WHAT IS BEING ASKED = Below is some data. Retype exactly the lines starting at the one with "#58=DIRECTION('',(1.,0.,0.));" and ending at the one with "#66=EDGE_CURVE('E303',#63,#65,#61,.T.);".

[Items from a dataset]
══════

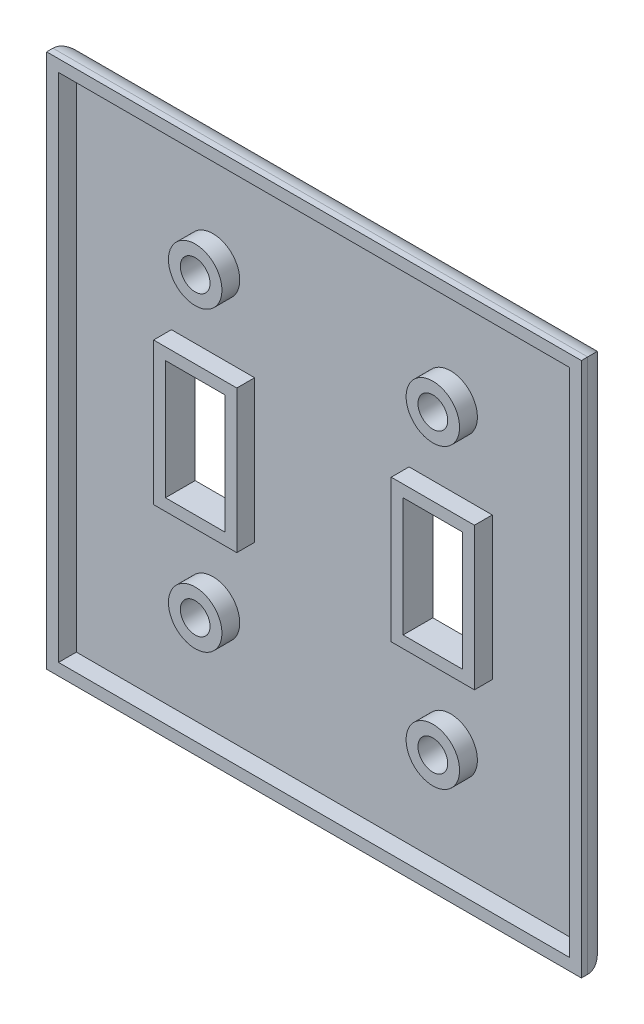
ISO-10303-21;
HEADER;
FILE_DESCRIPTION(('STEP AP214'),'2;1');
FILE_NAME('part.step','',(''),(''),'','','');
FILE_SCHEMA(('AUTOMOTIVE_DESIGN { 1 0 10303 214 1 1 1 1 }'));
ENDSEC;
DATA;
#1=APPLICATION_CONTEXT('core data for automotive mechanical design processes');
#2=APPLICATION_PROTOCOL_DEFINITION('international standard','automotive_design',2000,#1);
#3=PRODUCT_CONTEXT('',#1,'mechanical');
#4=PRODUCT('Part','Part','',(#3));
#5=PRODUCT_RELATED_PRODUCT_CATEGORY('part','',(#4));
#6=PRODUCT_DEFINITION_FORMATION('','',#4);
#7=PRODUCT_DEFINITION_CONTEXT('part definition',#1,'design');
#8=PRODUCT_DEFINITION('design','',#6,#7);
#9=PRODUCT_DEFINITION_SHAPE('','',#8);
#10=(LENGTH_UNIT() NAMED_UNIT(*) SI_UNIT(.MILLI.,.METRE.));
#11=(NAMED_UNIT(*) PLANE_ANGLE_UNIT() SI_UNIT($,.RADIAN.));
#12=(NAMED_UNIT(*) SI_UNIT($,.STERADIAN.) SOLID_ANGLE_UNIT());
#13=UNCERTAINTY_MEASURE_WITH_UNIT(LENGTH_MEASURE(1.E-05),#10,'distance_accuracy_value','');
#14=(GEOMETRIC_REPRESENTATION_CONTEXT(3) GLOBAL_UNCERTAINTY_ASSIGNED_CONTEXT((#13)) GLOBAL_UNIT_ASSIGNED_CONTEXT((#10,
#11,#12)) REPRESENTATION_CONTEXT('',''));
#15=CARTESIAN_POINT('',(0.,0.,0.));
#16=DIRECTION('',(0.,0.,1.));
#17=DIRECTION('',(1.,0.,0.));
#18=AXIS2_PLACEMENT_3D('',#15,#16,#17);
#19=CARTESIAN_POINT('',(0.,0.,6.35));
#20=DIRECTION('',(0.,0.,-1.));
#21=DIRECTION('',(-1.,0.,0.));
#22=AXIS2_PLACEMENT_3D('',#19,#20,#21);
#23=PLANE('',#22);
#24=DIRECTION('',(1.,0.,0.));
#25=VECTOR('',#24,1.);
#26=CARTESIAN_POINT('',(25.4,69.85,6.35));
#27=LINE('',#26,#25);
#28=CARTESIAN_POINT('',(25.4,69.85,6.35));
#29=VERTEX_POINT('',#28);
#30=CARTESIAN_POINT('',(38.1,69.85,6.35));
#31=VERTEX_POINT('',#30);
#32=EDGE_CURVE('E386',#29,#31,#27,.T.);
#33=ORIENTED_EDGE('',*,*,#32,.T.);
#34=DIRECTION('',(0.,-1.,0.));
#35=VECTOR('',#34,1.);
#36=CARTESIAN_POINT('',(38.1,69.85,6.35));
#37=LINE('',#36,#35);
#38=CARTESIAN_POINT('',(38.1,44.45,6.35));
#39=VERTEX_POINT('',#38);
#40=EDGE_CURVE('E401',#31,#39,#37,.T.);
#41=ORIENTED_EDGE('',*,*,#40,.T.);
#42=DIRECTION('',(1.,0.,0.));
#43=VECTOR('',#42,1.);
#44=CARTESIAN_POINT('',(25.4,44.45,6.35));
#45=LINE('',#44,#43);
#46=CARTESIAN_POINT('',(25.4,44.45,6.35));
#47=VERTEX_POINT('',#46);
#48=EDGE_CURVE('E404',#47,#39,#45,.T.);
#49=ORIENTED_EDGE('',*,*,#48,.F.);
#50=DIRECTION('',(0.,-1.,0.));
#51=VECTOR('',#50,1.);
#52=CARTESIAN_POINT('',(25.4,69.85,6.35));
#53=LINE('',#52,#51);
#54=EDGE_CURVE('E390',#29,#47,#53,.T.);
#55=ORIENTED_EDGE('',*,*,#54,.F.);
#56=EDGE_LOOP('',(#33,#41,#49,#55));
#57=FACE_BOUND('',#56,.T.);
#58=DIRECTION('',(1.,0.,0.));
#59=VECTOR('',#58,1.);
#60=CARTESIAN_POINT('',(25.4,72.39,6.35));
#61=LINE('',#60,#59);
#62=CARTESIAN_POINT('',(22.86,72.39,6.35));
#63=VERTEX_POINT('',#62);
#64=CARTESIAN_POINT('',(40.64,72.39,6.35));
#65=VERTEX_POINT('',#64);
#66=EDGE_CURVE('E303',#63,#65,#61,.T.);
#67=ORIENTED_EDGE('',*,*,#66,.F.);
#68=DIRECTION('',(0.,-1.,0.));
#69=VECTOR('',#68,1.);
#70=CARTESIAN_POINT('',(22.86,69.85,6.35));
#71=LINE('',#70,#69);
#72=CARTESIAN_POINT('',(22.86,41.91,6.35));
#73=VERTEX_POINT('',#72);
#74=EDGE_CURVE('E265',#63,#73,#71,.T.);
#75=ORIENTED_EDGE('',*,*,#74,.T.);
#76=DIRECTION('',(1.,0.,0.));
#77=VECTOR('',#76,1.);
#78=CARTESIAN_POINT('',(25.4,41.91,6.35));
#79=LINE('',#78,#77);
#80=CARTESIAN_POINT('',(40.64,41.91,6.35));
#81=VERTEX_POINT('',#80);
#82=EDGE_CURVE('E329',#73,#81,#79,.T.);
#83=ORIENTED_EDGE('',*,*,#82,.T.);
#84=DIRECTION('',(0.,-1.,0.));
#85=VECTOR('',#84,1.);
#86=CARTESIAN_POINT('',(40.64,69.85,6.35));
#87=LINE('',#86,#85);
#88=EDGE_CURVE('E326',#65,#81,#87,.T.);
#89=ORIENTED_EDGE('',*,*,#88,.F.);
#90=EDGE_LOOP('',(#67,#75,#83,#89));
#91=FACE_BOUND('',#90,.T.);
#92=ADVANCED_FACE('F49',(#57,#91),#23,.F.);
#93=CARTESIAN_POINT('',(82.55,25.4,6.35));
#94=DIRECTION('',(0.,0.,-1.));
#95=DIRECTION('',(-1.,0.,0.));
#96=AXIS2_PLACEMENT_3D('',#93,#94,#95);
#97=CIRCLE('',#96,5.715);
#98=CARTESIAN_POINT('',(76.835,25.4,6.35));
#99=VERTEX_POINT('',#98);
#100=EDGE_CURVE('E346',#99,#99,#97,.F.);
#101=ORIENTED_EDGE('',*,*,#100,.T.);
#102=EDGE_LOOP('',(#101));
#103=FACE_BOUND('',#102,.T.);
#104=CARTESIAN_POINT('',(82.55,25.4,6.35));
#105=DIRECTION('',(0.,0.,1.));
#106=DIRECTION('',(1.,0.,0.));
#107=AXIS2_PLACEMENT_3D('',#104,#105,#106);
#108=CIRCLE('',#107,3.175);
#109=CARTESIAN_POINT('',(85.725,25.4,6.35));
#110=VERTEX_POINT('',#109);
#111=EDGE_CURVE('E284',#110,#110,#108,.T.);
#112=ORIENTED_EDGE('',*,*,#111,.F.);
#113=EDGE_LOOP('',(#112));
#114=FACE_BOUND('',#113,.T.);
#115=ADVANCED_FACE('F518',(#103,#114),#23,.F.);
#116=CARTESIAN_POINT('',(31.75,25.4,6.35));
#117=DIRECTION('',(0.,0.,-1.));
#118=DIRECTION('',(-1.,0.,0.));
#119=AXIS2_PLACEMENT_3D('',#116,#117,#118);
#120=CIRCLE('',#119,5.715);
#121=CARTESIAN_POINT('',(26.035,25.4,6.35));
#122=VERTEX_POINT('',#121);
#123=EDGE_CURVE('E294',#122,#122,#120,.F.);
#124=ORIENTED_EDGE('',*,*,#123,.T.);
#125=EDGE_LOOP('',(#124));
#126=FACE_BOUND('',#125,.T.);
#127=CARTESIAN_POINT('',(31.75,25.4,6.35));
#128=DIRECTION('',(0.,0.,1.));
#129=DIRECTION('',(1.,0.,0.));
#130=AXIS2_PLACEMENT_3D('',#127,#128,#129);
#131=CIRCLE('',#130,3.175);
#132=CARTESIAN_POINT('',(34.925,25.4,6.35));
#133=VERTEX_POINT('',#132);
#134=EDGE_CURVE('E418',#133,#133,#131,.T.);
#135=ORIENTED_EDGE('',*,*,#134,.F.);
#136=EDGE_LOOP('',(#135));
#137=FACE_BOUND('',#136,.T.);
#138=ADVANCED_FACE('F526',(#126,#137),#23,.F.);
#139=CARTESIAN_POINT('',(82.55,88.9,6.35));
#140=DIRECTION('',(0.,0.,-1.));
#141=DIRECTION('',(-1.,0.,0.));
#142=AXIS2_PLACEMENT_3D('',#139,#140,#141);
#143=CIRCLE('',#142,5.715);
#144=CARTESIAN_POINT('',(76.835,88.9,6.35));
#145=VERTEX_POINT('',#144);
#146=EDGE_CURVE('E318',#145,#145,#143,.F.);
#147=ORIENTED_EDGE('',*,*,#146,.T.);
#148=EDGE_LOOP('',(#147));
#149=FACE_BOUND('',#148,.T.);
#150=CARTESIAN_POINT('',(82.55,88.9,6.35));
#151=DIRECTION('',(0.,0.,1.));
#152=DIRECTION('',(1.,0.,0.));
#153=AXIS2_PLACEMENT_3D('',#150,#151,#152);
#154=CIRCLE('',#153,3.175);
#155=CARTESIAN_POINT('',(85.725,88.9,6.35));
#156=VERTEX_POINT('',#155);
#157=EDGE_CURVE('E422',#156,#156,#154,.T.);
#158=ORIENTED_EDGE('',*,*,#157,.F.);
#159=EDGE_LOOP('',(#158));
#160=FACE_BOUND('',#159,.T.);
#161=ADVANCED_FACE('F681',(#149,#160),#23,.F.);
#162=DIRECTION('',(0.,-1.,0.));
#163=VECTOR('',#162,1.);
#164=CARTESIAN_POINT('',(0.,0.,6.35));
#165=LINE('',#164,#163);
#166=CARTESIAN_POINT('',(0.,114.3,6.35));
#167=VERTEX_POINT('',#166);
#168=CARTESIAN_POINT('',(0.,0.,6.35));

══════

RESPONSE BOX =
#58=DIRECTION('',(1.,0.,0.));
#59=VECTOR('',#58,1.);
#60=CARTESIAN_POINT('',(25.4,72.39,6.35));
#61=LINE('',#60,#59);
#62=CARTESIAN_POINT('',(22.86,72.39,6.35));
#63=VERTEX_POINT('',#62);
#64=CARTESIAN_POINT('',(40.64,72.39,6.35));
#65=VERTEX_POINT('',#64);
#66=EDGE_CURVE('E303',#63,#65,#61,.T.);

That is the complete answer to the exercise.